>>>
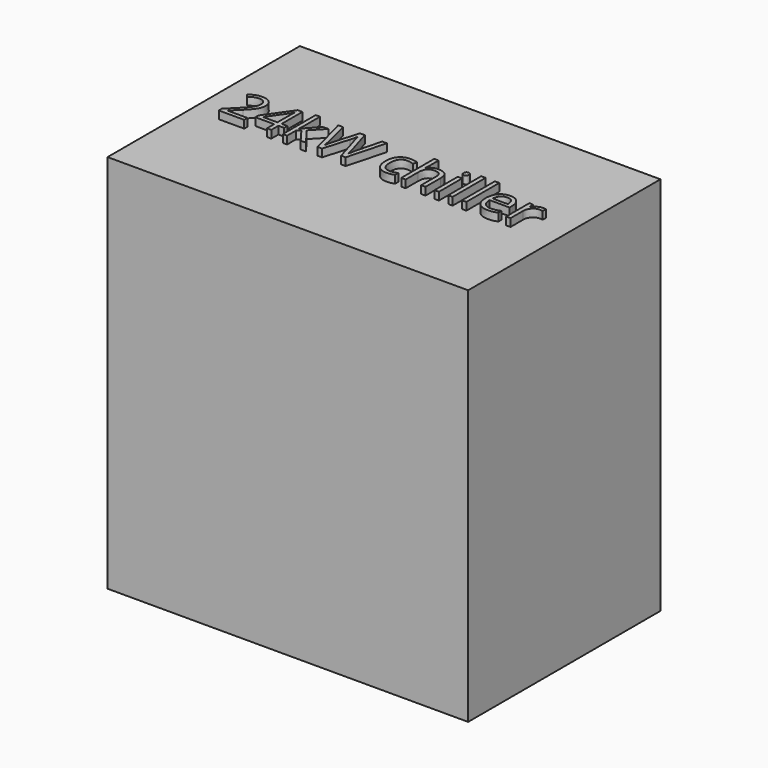
from build123d import *

# Parameters (mm, degrees)
F0_W         = 1181.1
F0_H         = 787.4
F1_DEPTH     = 1244.6
F2_TEXT_SIZE = 177.5399317406
F3_DEPTH     = 25.4


# Not quite as in the source:
# - Text() gives the source's letters only with a copy of the font that has no kerning and outlines rounded to 1/6400 em; it was checked with that copy


with BuildPart() as f1:
    # F0 (on Top) → F1 (new body)
    with BuildSketch(Plane.XY):
        Rectangle(F0_W, F0_H)
    extrude(amount=F1_DEPTH)

    # F2 (on face) → F3 (join)
    with BuildSketch(Plane.XY.offset(1244.6)):
        with Locations((-508, -52.3519761265)):
            Text('24kW chiller', F2_TEXT_SIZE, font='Open Sans', text_align=(TextAlign.LEFT, TextAlign.BOTTOM))
    extrude(amount=F3_DEPTH)


solid = f1.part
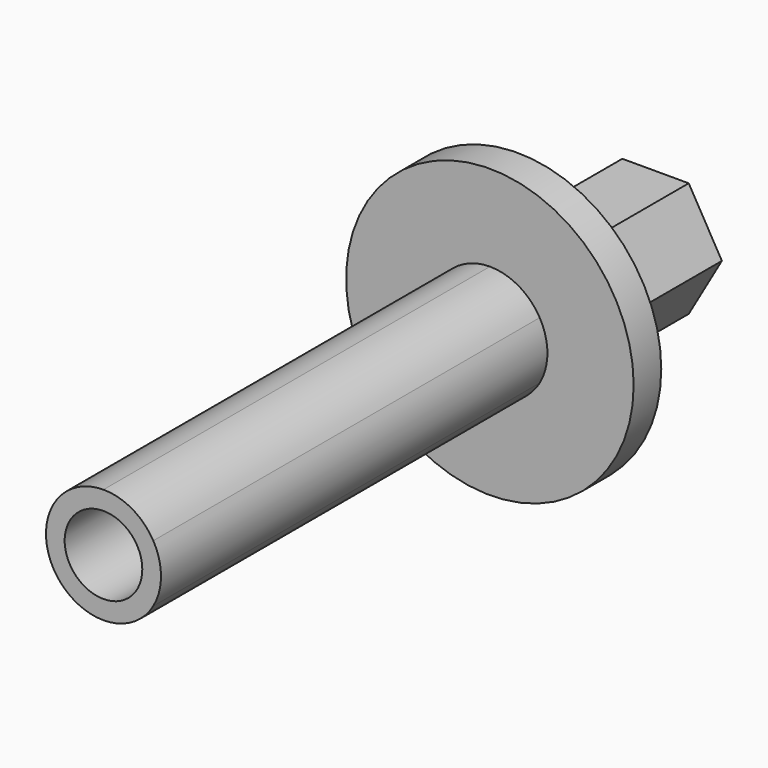
from build123d import *

# Parameters (mm, degrees)
F0_R      = 3.375
F1_DEPTH  = 45
F0_R_2    = 12.5
F2_DEPTH  = 3
F3_DEPTH  = 15
F4_R      = 5
F5_R      = 4.99999
F6_R      = 5
F7_R      = 4.99999
F8_R      = 4.99999
F9_R      = 5
F0_R_3    = 2.5
F10_DEPTH = 15


# Not quite as in the source:
# - a fillet or chamfer is up to 0.001 mm smaller than in the source, because OpenCascade refuses the exact size


with BuildPart() as f1:
    # F0 (on Front) → F1 (new body)
    with BuildSketch(Plane.XZ):
        Polygon((2.8867513459, -5), (5.7735026919, 0), (2.8867513459, 5), (-2.8867513459, 5), (-5.7735026919, 0), (-2.8867513459, -5), align=None)
        Circle(F0_R, mode=Mode.SUBTRACT)
    extrude(amount=F1_DEPTH)

    # F0 (on Front) → F2 (join)
    with BuildSketch(Plane.XZ):
        Circle(F0_R_2)
        Polygon((2.8867513459, 5), (5.7735026919, 0), (2.8867513459, -5), (-2.8867513459, -5), (-5.7735026919, 0), (-2.8867513459, 5), align=None, mode=Mode.SUBTRACT)
        Polygon((2.8867513459, -5), (5.7735026919, 0), (2.8867513459, 5), (-2.8867513459, 5), (-5.7735026919, 0), (-2.8867513459, -5), align=None)
        Circle(F0_R, mode=Mode.SUBTRACT)
    extrude(amount=F2_DEPTH)

    # F4
    f4_edges = [f1.edges().sort_by_distance(p)[0] for p in [
        (2.886751, -24, -5),
    ]]
    fillet(f4_edges, radius=F4_R)

    # F5 (radius 5 in the source; OpenCascade refuses exactly that, so slightly less here)
    f5_edges = [f1.edges().sort_by_distance(p)[0] for p in [
        (-2.886751, -24, -5),
    ]]
    fillet(f5_edges, radius=F5_R)

    # F6
    f6_edges = [f1.edges().sort_by_distance(p)[0] for p in [
        (-5.773503, -24, 0),
    ]]
    fillet(f6_edges, radius=F6_R)

    # F7 (radius 5 in the source; OpenCascade refuses exactly that, so slightly less here)
    f7_edges = [f1.edges().sort_by_distance(p)[0] for p in [
        (-2.886751, -24, 5),
    ]]
    fillet(f7_edges, radius=F7_R)

    # F8 (radius 5 in the source; OpenCascade refuses exactly that, so slightly less here)
    f8_edges = [f1.edges().sort_by_distance(p)[0] for p in [
        (5.773503, -24, 0),
    ]]
    fillet(f8_edges, radius=F8_R)

    # F9
    f9_edges = [f1.edges().sort_by_distance(p)[0] for p in [
        (2.886751, -24, 5),
    ]]
    fillet(f9_edges, radius=F9_R)


with BuildPart() as f3:
    # F0 (on Front) → F3 (new body)
    with BuildSketch(Plane.XZ):
        Polygon((2.8867513459, -5), (5.7735026919, 0), (2.8867513459, 5), (-2.8867513459, 5), (-5.7735026919, 0), (-2.8867513459, -5), align=None)
        Circle(F0_R, mode=Mode.SUBTRACT)
    extrude(amount=-F3_DEPTH)


with BuildPart() as f10:
    # F0 (on Front) → F10 (new body)
    with BuildSketch(Plane.XZ):
        Circle(F0_R)
        Circle(F0_R_3, mode=Mode.SUBTRACT)
    extrude(amount=-F10_DEPTH)


solid = Compound([f1.part, f3.part, f10.part])
<<<
Write out every line, unchanged, from the one containing "f5_edges = [f1.edges().sort_by_distance(p)[0]" through the closing line of the data.

__Solution to this task__:
    f5_edges = [f1.edges().sort_by_distance(p)[0] for p in [
        (-2.886751, -24, -5),
    ]]
    fillet(f5_edges, radius=F5_R)

    # F6
    f6_edges = [f1.edges().sort_by_distance(p)[0] for p in [
        (-5.773503, -24, 0),
    ]]
    fillet(f6_edges, radius=F6_R)

    # F7 (radius 5 in the source; OpenCascade refuses exactly that, so slightly less here)
    f7_edges = [f1.edges().sort_by_distance(p)[0] for p in [
        (-2.886751, -24, 5),
    ]]
    fillet(f7_edges, radius=F7_R)

    # F8 (radius 5 in the source; OpenCascade refuses exactly that, so slightly less here)
    f8_edges = [f1.edges().sort_by_distance(p)[0] for p in [
        (5.773503, -24, 0),
    ]]
    fillet(f8_edges, radius=F8_R)

    # F9
    f9_edges = [f1.edges().sort_by_distance(p)[0] for p in [
        (2.886751, -24, 5),
    ]]
    fillet(f9_edges, radius=F9_R)


with BuildPart() as f3:
    # F0 (on Front) → F3 (new body)
    with BuildSketch(Plane.XZ):
        Polygon((2.8867513459, -5), (5.7735026919, 0), (2.8867513459, 5), (-2.8867513459, 5), (-5.7735026919, 0), (-2.8867513459, -5), align=None)
        Circle(F0_R, mode=Mode.SUBTRACT)
    extrude(amount=-F3_DEPTH)


with BuildPart() as f10:
    # F0 (on Front) → F10 (new body)
    with BuildSketch(Plane.XZ):
        Circle(F0_R)
        Circle(F0_R_3, mode=Mode.SUBTRACT)
    extrude(amount=-F10_DEPTH)


solid = Compound([f1.part, f3.part, f10.part])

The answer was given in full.